**AIM OF THE TASK**. Look through the records below for the line holding "- Coaxiale11: concentric". Write it out exactly, with each following line through the line holding "- Coïncidente12: coincident".

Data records
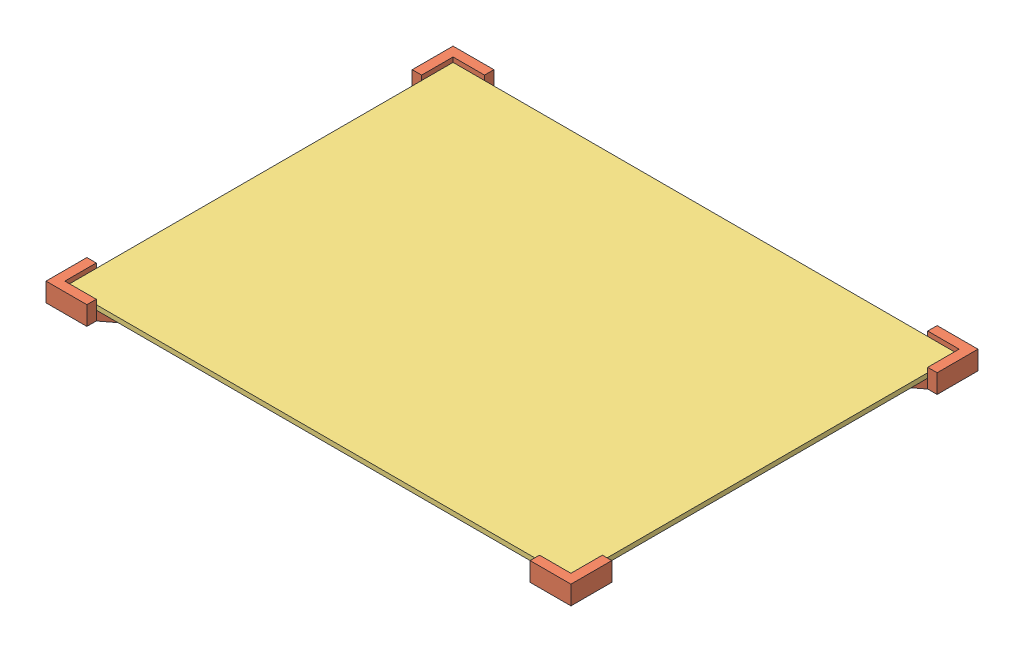
SolidWorks assembly Ensamblaje2, configuration Predeterminado. Lengths in mm.
Overall size (334 30 259).
3 component instances, 3 part files, 6 mates.
Components (placement in the parent):
- Efector_Final-1: Efector_Final [Predeterminado] at (25.1757 -47.7917 129.2098) size (122.44 12 106.04)
- Base_Pantalla-1: Base_Pantalla [Predeterminado] at (25.1757 -29.7917 129.2098) size (334 30 259)
- Pantalla-1: Pantalla [Predeterminado] at (25.1757 -23.7917 129.2098) size (322 3 247)
Mates (geometry in assembly coordinates):
- Concéntrica1: concentric: cylinder of assembly; cylinder of assembly; cylinder of Efector_Final-1 through (25.1757 -35.7917 129.2098) axis (0 -1 0) radius 28.75; cylinder of Base_Pantalla-1 through (25.1757 -41.7917 129.2098) axis (0 1 0) radius 28.25
- Paralelo1: parallel: plane of assembly; plane of assembly; plane of Efector_Final-1 through (-3.5743 -35.7917 107.9598) normal (0 0 1); plane of Base_Pantalla-1 through (38.4257 -41.7917 150.2098) normal (0 0 1)
- Coincidente2: coincident: plane of assembly; plane of assembly; plane of Efector_Final-1 through (25.1757 -35.7917 129.2098) normal (0 1 0); plane of Base_Pantalla-1 through (25.1757 -35.7917 129.2098) normal (0 -1 0)
- Coincidente3: coincident: line of assembly; line of assembly; line of Base_Pantalla-1 through (-135.8243 -17.7917 5.7098) axis (0 -1 0); line of Pantalla-1 through (-135.8243 -20.7917 5.7098) axis (0 -1 0)
- Coincidente4: coincident: line of assembly; line of assembly; line of Base_Pantalla-1 through (186.1757 -17.7917 252.7098) axis (0 -1 0); line of Pantalla-1 through (186.1757 -20.7917 252.7098) axis (0 -1 0)
- Coincidente5: coincident: plane of assembly; plane of assembly; plane of Base_Pantalla-1 through (25.1757 -23.7917 129.2098) normal (0 1 0); plane of Pantalla-1 through (25.1757 -23.7917 129.2098) normal (0 -1 0)
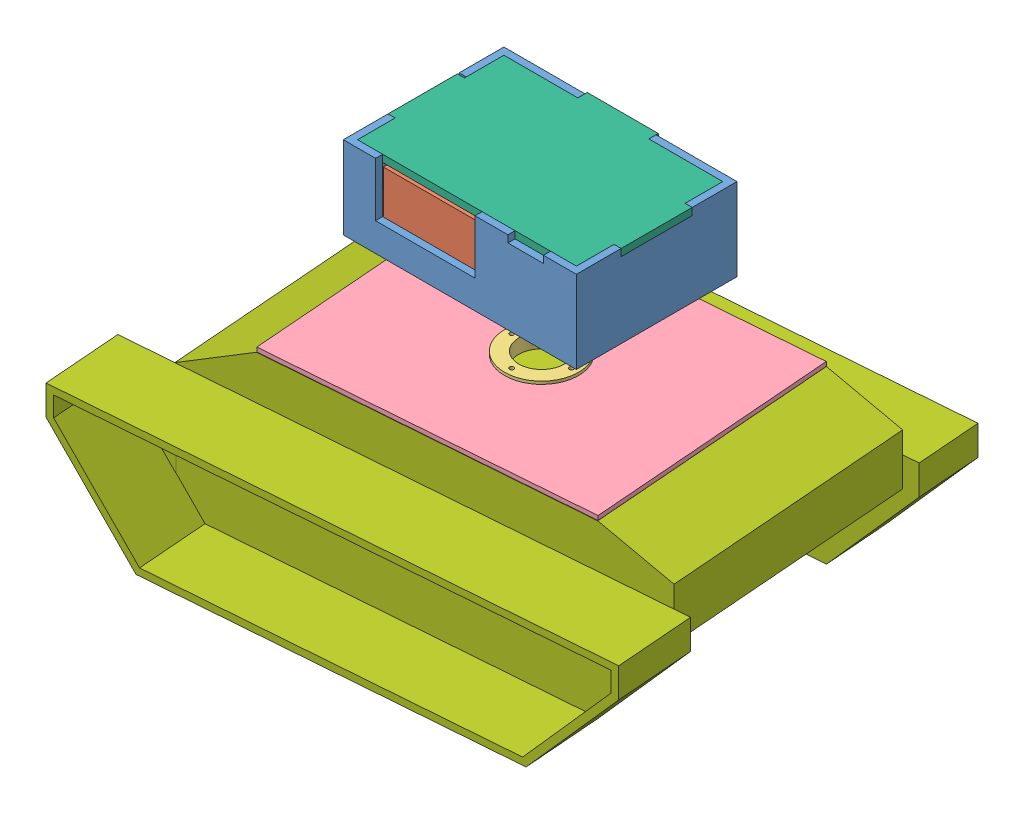
SolidWorks assembly Assemblage1, configuration Default. Lengths in mm.
Overall size (395.2 241.89 303.33).
10 component instances, 7 part files, 23 mates.
Components (placement in the parent):
- boite-1: boite [Default] at (-87.4002 206.352 80.3922) size (164 58 113)
- carte-1: carte [Default] at (-86.4002 223.352 81.6422) size (154 33 101.5)
- fixation-1: fixation [Default] at (-87.4002 137.8761 80.3922) size (70 10 70)
- plaque-1: plaque [Default] at (-87.4002 142.8761 80.3922) x (-0.07779 0 -0.99697) z (0.99697 0 -0.07779) size (174.68 3 223.37)
- entretoise-1: entretoise [Default] at (-17.4002 211.352 37.8922) x (0.957177 0 0.289503) z (-0.289503 0 0.957177) size (8 12 8)
- entretoise-2: entretoise [Default] at (-157.4002 211.352 37.8922) size (8 12 8)
- entretoise-4: entretoise [Default] at (-157.4002 211.352 125.8922) x (0.969192 0 0.246308) z (-0.246308 0 0.969192) size (8 12 8)
- entretoise-5: entretoise [Default] at (-17.4002 211.352 125.8922) x (0.714568 0 -0.699566) z (0.699566 0 0.714568) size (8 12 8)
- plexi haut-1: plexi haut [Default] at (-87.4002 259.352 81.3922) size (164 5 109.63)
- chassis-1: chassis [Default] at (-109.9498 95.7277 -5.4538) x (0.99697 0 -0.07779) z (0.07779 0 0.99697) size (374.95 120.41 275)
Mates (geometry in assembly coordinates):
- Coaxiale1: concentric aligned: cylinder of fixation-1 through (-87.4002 147.8761 80.3922) axis (0 -1 0) radius 26; cylinder of plaque-1 through (-87.4002 145.8761 80.3922) axis (0 -1 0) radius 26
- Coïncidente1: coincident anti-aligned: plane of fixation-1 through (-87.4002 142.8761 80.3922) normal (0 1 0); plane of plaque-1 through (-87.4002 142.8761 80.3922) normal (0 -1 0)
- Coaxiale2: concentric anti-aligned: cylinder of boite-1 through (-87.4002 206.352 80.3922) axis (0 1 0) radius 16; cylinder of fixation-1 through (-87.4002 147.8761 80.3922) axis (0 -1 0) radius 16
- Coïncidente2: coincident aligned: circle of boite-1; cylinder of fixation-1 through (-87.4002 112.8761 59.3922) axis (0 1 0) radius 1.5
- Parallèle1: parallel aligned: cylinder of boite-1 through (-157.4002 206.352 37.8922) axis (0 1 0) radius 1.5; cylinder of carte-1 through (-157.4002 223.352 37.8922) axis (0 1 0) radius 1.5
- Coïncidente3: coincident anti-aligned: plane of carte-1 through (-86.4002 223.352 81.6422) normal (0 -1 0); plane of entretoise-2 through (-157.4002 223.352 37.8922) normal (0 1 0)
- Coaxiale5: concentric anti-aligned: cylinder of carte-1 through (-157.4002 223.352 37.8922) axis (0 1 0) radius 1.5; cylinder of entretoise-2 through (-157.4002 223.352 37.8922) axis (0 -1 0) radius 1.5
- Coaxiale6: concentric anti-aligned: cylinder of carte-1 through (-17.4002 223.352 37.8922) axis (0 1 0) radius 1.5; cylinder of entretoise-1 through (-17.4002 223.352 37.8922) axis (0 -1 0) radius 1.5
- Coïncidente4: coincident anti-aligned: plane of carte-1 through (-86.4002 223.352 81.6422) normal (0 -1 0); plane of entretoise-1 through (-17.4002 223.352 37.8922) normal (0 1 0)
- Coaxiale7: concentric anti-aligned: cylinder of carte-1 through (-157.4002 223.352 125.8922) axis (0 1 0) radius 1.5; cylinder of entretoise-4 through (-157.4002 223.352 125.8922) axis (0 -1 0) radius 1.5
- Coïncidente5: coincident anti-aligned: plane of carte-1 through (-86.4002 223.352 81.6422) normal (0 -1 0); plane of entretoise-4 through (-157.4002 223.352 125.8922) normal (0 1 0)
- Coaxiale8: concentric anti-aligned: cylinder of carte-1 through (-17.4002 223.352 125.8922) axis (0 1 0) radius 1.5; cylinder of entretoise-5 through (-17.4002 223.352 125.8922) axis (0 -1 0) radius 1.5
- Coïncidente6: coincident anti-aligned: plane of carte-1 through (-86.4002 223.352 81.6422) normal (0 -1 0); plane of entretoise-5 through (-17.4002 223.352 125.8922) normal (0 1 0)
- Coaxiale11: concentric anti-aligned: cylinder of boite-1 through (-157.4002 206.352 37.8922) axis (0 1 0) radius 1.5; cylinder of entretoise-2 through (-157.4002 223.352 37.8922) axis (0 -1 0) radius 1.5
- Coaxiale12: concentric anti-aligned: cylinder of boite-1 through (-17.4002 206.352 37.8922) axis (0 1 0) radius 1.5; cylinder of entretoise-1 through (-17.4002 223.352 37.8922) axis (0 -1 0) radius 1.5
- Coaxiale13: concentric anti-aligned: cylinder of boite-1 through (-17.4002 206.352 125.8922) axis (0 1 0) radius 1.5; cylinder of entretoise-5 through (-17.4002 223.352 125.8922) axis (0 -1 0) radius 1.5
- Coïncidente9: coincident anti-aligned: plane of boite-1 through (-87.4002 211.352 80.3922) normal (0 1 0); plane of entretoise-1 through (-17.4002 211.352 37.8922) normal (0 -1 0)
- Coïncidente10: coincident anti-aligned: plane of boite-1 through (-87.4002 259.352 80.3922) normal (0 1 0); plane of plexi haut-1 through (-87.4002 259.352 81.3922) normal (0 -1 0)
- Coïncidente11: coincident aligned: plane of boite-1 through (-5.4002 206.352 24.8922) normal (1 0 0); plane of plexi haut-1 through (-5.4002 264.352 106.3922) normal (1 0 0)
- Coïncidente12: coincident anti-aligned: plane of boite-1 through (-10.4002 259.352 106.3922) normal (0 0 -1); plane of plexi haut-1 through (-10.4002 264.352 106.3922) normal (0 0 1)
- Coïncidente13: coincident anti-aligned: plane of plaque-1 through (-87.4002 142.8761 80.3922) normal (0 -1 0); plane of chassis-1 through (-191.9277 142.8761 176.4745) normal (0 1 0)
- Coïncidente14: coincident: plane of plaque-1 through (17.1522 145.8761 -15.3711) normal (-0.07779 0 -0.99697); line of chassis-1 through (17.2418 142.8761 -15.378) axis (-0.99697 0 0.07779)
- Coïncidente15: coincident anti-aligned: line of plaque-1 through (-205.5409 142.8761 2.0048) axis (0.07779 0 0.99697); line of chassis-1 through (-191.9277 142.8761 176.4745) axis (-0.07779 0 -0.99697)

**RESPONSE TO THE TASK**.
- Coaxiale11: concentric anti-aligned: cylinder of boite-1 through (-157.4002 206.352 37.8922) axis (0 1 0) radius 1.5; cylinder of entretoise-2 through (-157.4002 223.352 37.8922) axis (0 -1 0) radius 1.5
- Coaxiale12: concentric anti-aligned: cylinder of boite-1 through (-17.4002 206.352 37.8922) axis (0 1 0) radius 1.5; cylinder of entretoise-1 through (-17.4002 223.352 37.8922) axis (0 -1 0) radius 1.5
- Coaxiale13: concentric anti-aligned: cylinder of boite-1 through (-17.4002 206.352 125.8922) axis (0 1 0) radius 1.5; cylinder of entretoise-5 through (-17.4002 223.352 125.8922) axis (0 -1 0) radius 1.5
- Coïncidente9: coincident anti-aligned: plane of boite-1 through (-87.4002 211.352 80.3922) normal (0 1 0); plane of entretoise-1 through (-17.4002 211.352 37.8922) normal (0 -1 0)
- Coïncidente10: coincident anti-aligned: plane of boite-1 through (-87.4002 259.352 80.3922) normal (0 1 0); plane of plexi haut-1 through (-87.4002 259.352 81.3922) normal (0 -1 0)
- Coïncidente11: coincident aligned: plane of boite-1 through (-5.4002 206.352 24.8922) normal (1 0 0); plane of plexi haut-1 through (-5.4002 264.352 106.3922) normal (1 0 0)
- Coïncidente12: coincident anti-aligned: plane of boite-1 through (-10.4002 259.352 106.3922) normal (0 0 -1); plane of plexi haut-1 through (-10.4002 264.352 106.3922) normal (0 0 1)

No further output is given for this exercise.